"Mother of Darkness"Komm zu Mama!

Wer mit seiner Vergangenheit abschließen will, muss sich ihr stellen. Madison tut das: Als Kind musste sie mit ansehen, wie ihre Mutter die kleine Schwester brutal tötet. Im Wahn, denkt Madison - und kehrt zurück in ihr Elternhaus. Ein tödlicher Fehler.
Ein dunkler Keller in einem verlassenen Haus? Das klingt nach einem Horrorfilm! "Mother of Darkness" (im englischen Original: "Darkness Rising") heißt er, stammt vom Regisseur Austin Reading und hat durchaus Grusel-Potenzial. Denn: Nicht nur der dunkle Keller, sondern das gesamte abrissreife Haus bergen ein dämonisches Geheimnis.

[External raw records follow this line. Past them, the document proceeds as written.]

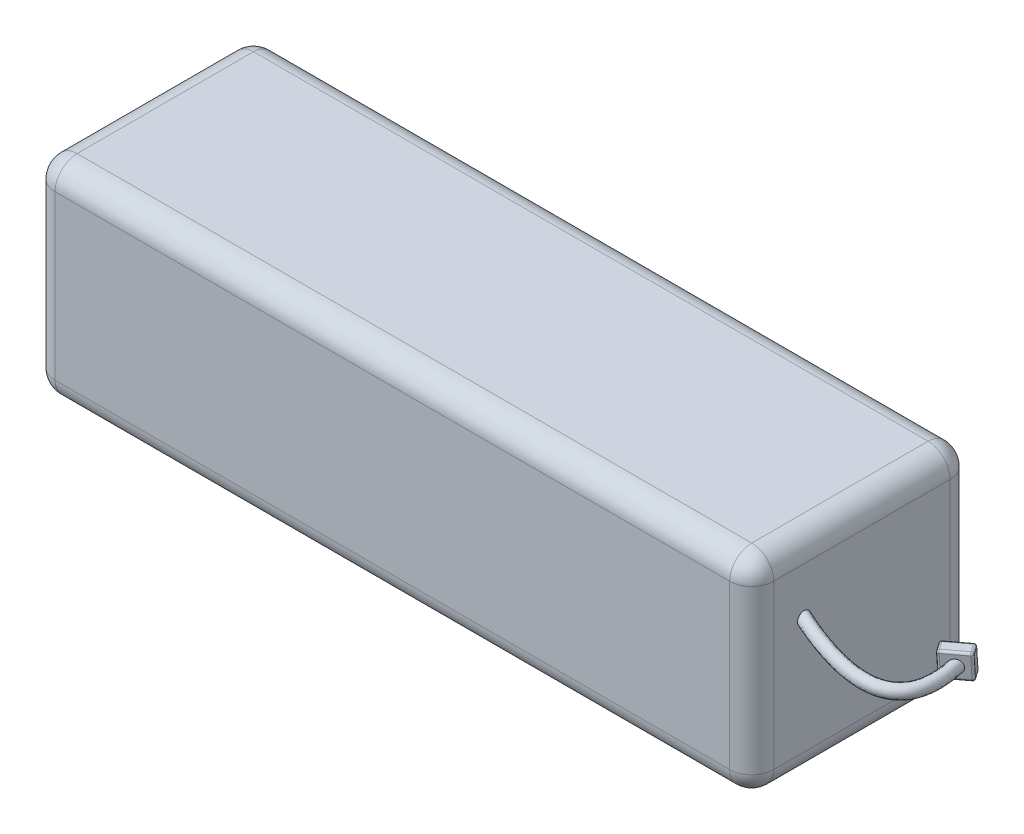
SolidWorks part; units mm, degrees
ref_plane "Front Plane" through (0, 0, 0) normal (0, 0, 1) x (1, 0, 0)
ref_plane "Top Plane" through (0, 0, 0) normal (0, 1, 0) x (1, 0, 0)
ref_plane "Right Plane" through (0, 0, 0) normal (1, 0, 0) x (0, 0, -1)
sketch "Sketch1" plane through (0, 0, 0) normal (0, 0, 1) x (1, 0, 0)
  line L1 (-81.5, -23.5) -> (81.5, -23.5)
  line L2 (-81.5, -23.5) -> (-81.5, 23.5)
  line L3 (-81.5, 23.5) -> (81.5, 23.5)
  line L4 (81.5, -23.5) -> (81.5, 23.5)
  line L5 (-81.5, -23.5) -> (81.5, 23.5) construction
  line L6 (-81.5, 23.5) -> (81.5, -23.5) construction
  point P0 (0, 0)
  dimension "D1" = 47
  dimension "D2" = 163
extrude "Boss-Extrude1" add sketch "Sketch1" along normal blind 50
fillet "Fillet1" radius 5 12 edges at (81.5, 0, 50) (81.5, 23.5, 25) (81.5, 0, 0) (-81.5, 0, 0) (-81.5, 23.5, 25) (-81.5, -23.5, 25) (-81.5, 0, 50) (81.5, -23.5, 25) (0, -23.5, 50) (0, -23.5, 0) (0, 23.5, 0) (0, 23.5, 50)
sketch "Sketch3" plane through (81.5, 0, 0) normal (1, 0, 0) x (0, 0, -1)
  circle A0 centre (-38.1222, 7.7831) radius 1.5
  dimension "D1" = 3
sketch3d "3DSketch3"
  spline S0 degree 2 poles (81.5, 7.7831, 38.1222) (111.7508, 6.8098, 51.2015) (107.6541, 7.2712, 29.9275) knots 0 0 0 1 1 1
sweep "Sweep2" add profiles "Sketch3" path "3DSketch3"
sketch "Sketch4" plane through (47.7434, -4.4811, 70.0236) normal (-0.5626, 0.0528, -0.8251) x (-0.8268, -0.0359, 0.5614)
  line L1 (-75.5424, 12.0596) -> (-69.3861, 12.0596)
  line L2 (-75.5424, 12.0596) -> (-75.5424, 6.2757)
  line L3 (-75.5424, 6.2757) -> (-69.3861, 6.2757)
  line L4 (-69.3861, 12.0596) -> (-69.3861, 6.2757)
  line L5 (-75.5424, 12.0596) -> (-69.3861, 6.2757) construction
  line L6 (-75.5424, 6.2757) -> (-69.3861, 12.0596) construction
  point P0 (-72.4642, 9.1676)
extrude "Boss-Extrude2" add sketch "Sketch4" along normal blind 3
fillet "Fillet2" radius 0.5 12 edges at (107.6541, 4.3852, 29.7428) (104.2654, 4.3538, 30.2332) (105.1092, 7.1606, 31.6555) (103.4215, 7.319, 29.1803) (104.2654, 10.1259, 30.6026) (105.9664, 10.3157, 27.6369) (107.6541, 10.1573, 30.1122) (110.199, 7.3818, 28.1994) (108.5113, 7.5402, 25.7242) (105.9664, 4.5436, 27.2676) (109.3551, 4.5749, 26.7771) (109.3551, 10.3471, 27.1465)

Madison (Tara Holt; "American Horror Story") ahnt das. Es ist schließlich ihr Elternhaus gewesen, das nun dem Erdboden gleichgemacht werden soll. Doch bevor das geschieht, steigt sie mit ihrem Verlobten Jake (Bryce Johnson; "Pretty Little Lies") und ihrer Cousine Izzy (Katrina Law; "Apparition") nachts in das Haus ein. Sie will dort Antworten finden und so ein trauriges Kapitel ihrer Vergangenheit ad acta legen.
Als kleines Kind war sie Zeuge, wie ihre Mutter ihrer Madisons jüngere Schwester getötet hat. Madison entkam nur knapp und wuchs bei Verwandten auf, der Vater verkraftete das alles nicht und landete in einer geschlossenen Psychiatrie. Weshalb die sonst so liebevolle Mutter plötzlich durchdreht und blutig mordet, weiß niemand. Sie tat es im Wahn, wie Madison vermutet. Aber ganz so einfach ist die Erklärung dann doch nicht. Zurück im Haus müssen Madison, Jake und Izzy das sehr schnell und schmerzvoll erkennen.
Da war doch was ...
Zunächst sieht alles normal aus: Das Haus ist zwar heruntergekommen, aber noch voller Erinnerungsstücke. Izzy macht sich sofort auf die Suche nach wertvoll aussehenden Sachen, die sie zu Geld machen könnte. Eine alte Lederjacke, die einmal Madisons Mutter gehörte, hat es ihr sofort angetan. Jake und Madison durchstreifen das Haus stattdessen in Ruhe, schauen hier und da, lassen sich Zeit und das Haus auf sich wirken.
Sie finden Blutspuren. Hören unheimliche Geräusche. Und alle drei ahnen, dass etwas Böses im Haus sein Unwesen treibt. Die drei wollen verschwinden, aber vor der Tür erwartet sie ein großer und nicht gut gelaunter Hund. Madison kennt ihn, er gehörte ihr, als sie klein war. Jake und Izzy halten sie für verrückt - und ändern ihre Meinung, als der Hund gleichzeitig an Vorder- und Hintertür aufzutauchen scheint.
Ein Entkommen aus dem Haus scheint nicht mehr möglich, ein Anruf bei der Polizei die letzte Möglichkeit. Doch am anderen Ende der Leitung ist nicht etwa ein Polizist, sondern eine unheimliche Stimme, die Unheilvolles verkündet.
Effekte überzeugen
Ab da schaltet "Mother of Darkness" einen Gang höher. Elemente von "Amityville" gehen eine düstere Liaison mit Teilen des "Exorzisten" ein. "Evil Dead" trifft auf "Insidious". Und am Ende der knapp gehaltenen 80 Minuten hat man als Zuschauer das Gefühl, gut unterhalten worden zu sein.
Das liegt zum Großteil an den visuellen und akustischen Effekten. Die Darstellerriege um Tara Holt, Katrina Law und Bryce Johnson ist nett anzusehen, aber austauschbar. Law bleibt von den Dreien am ehesten positiv im Gedächtnis, was aber in erster Linie ihrer Figur geschuldet ist, denn sie wird als erste der drei "heimgesucht" - das aber nicht im dunklen Keller.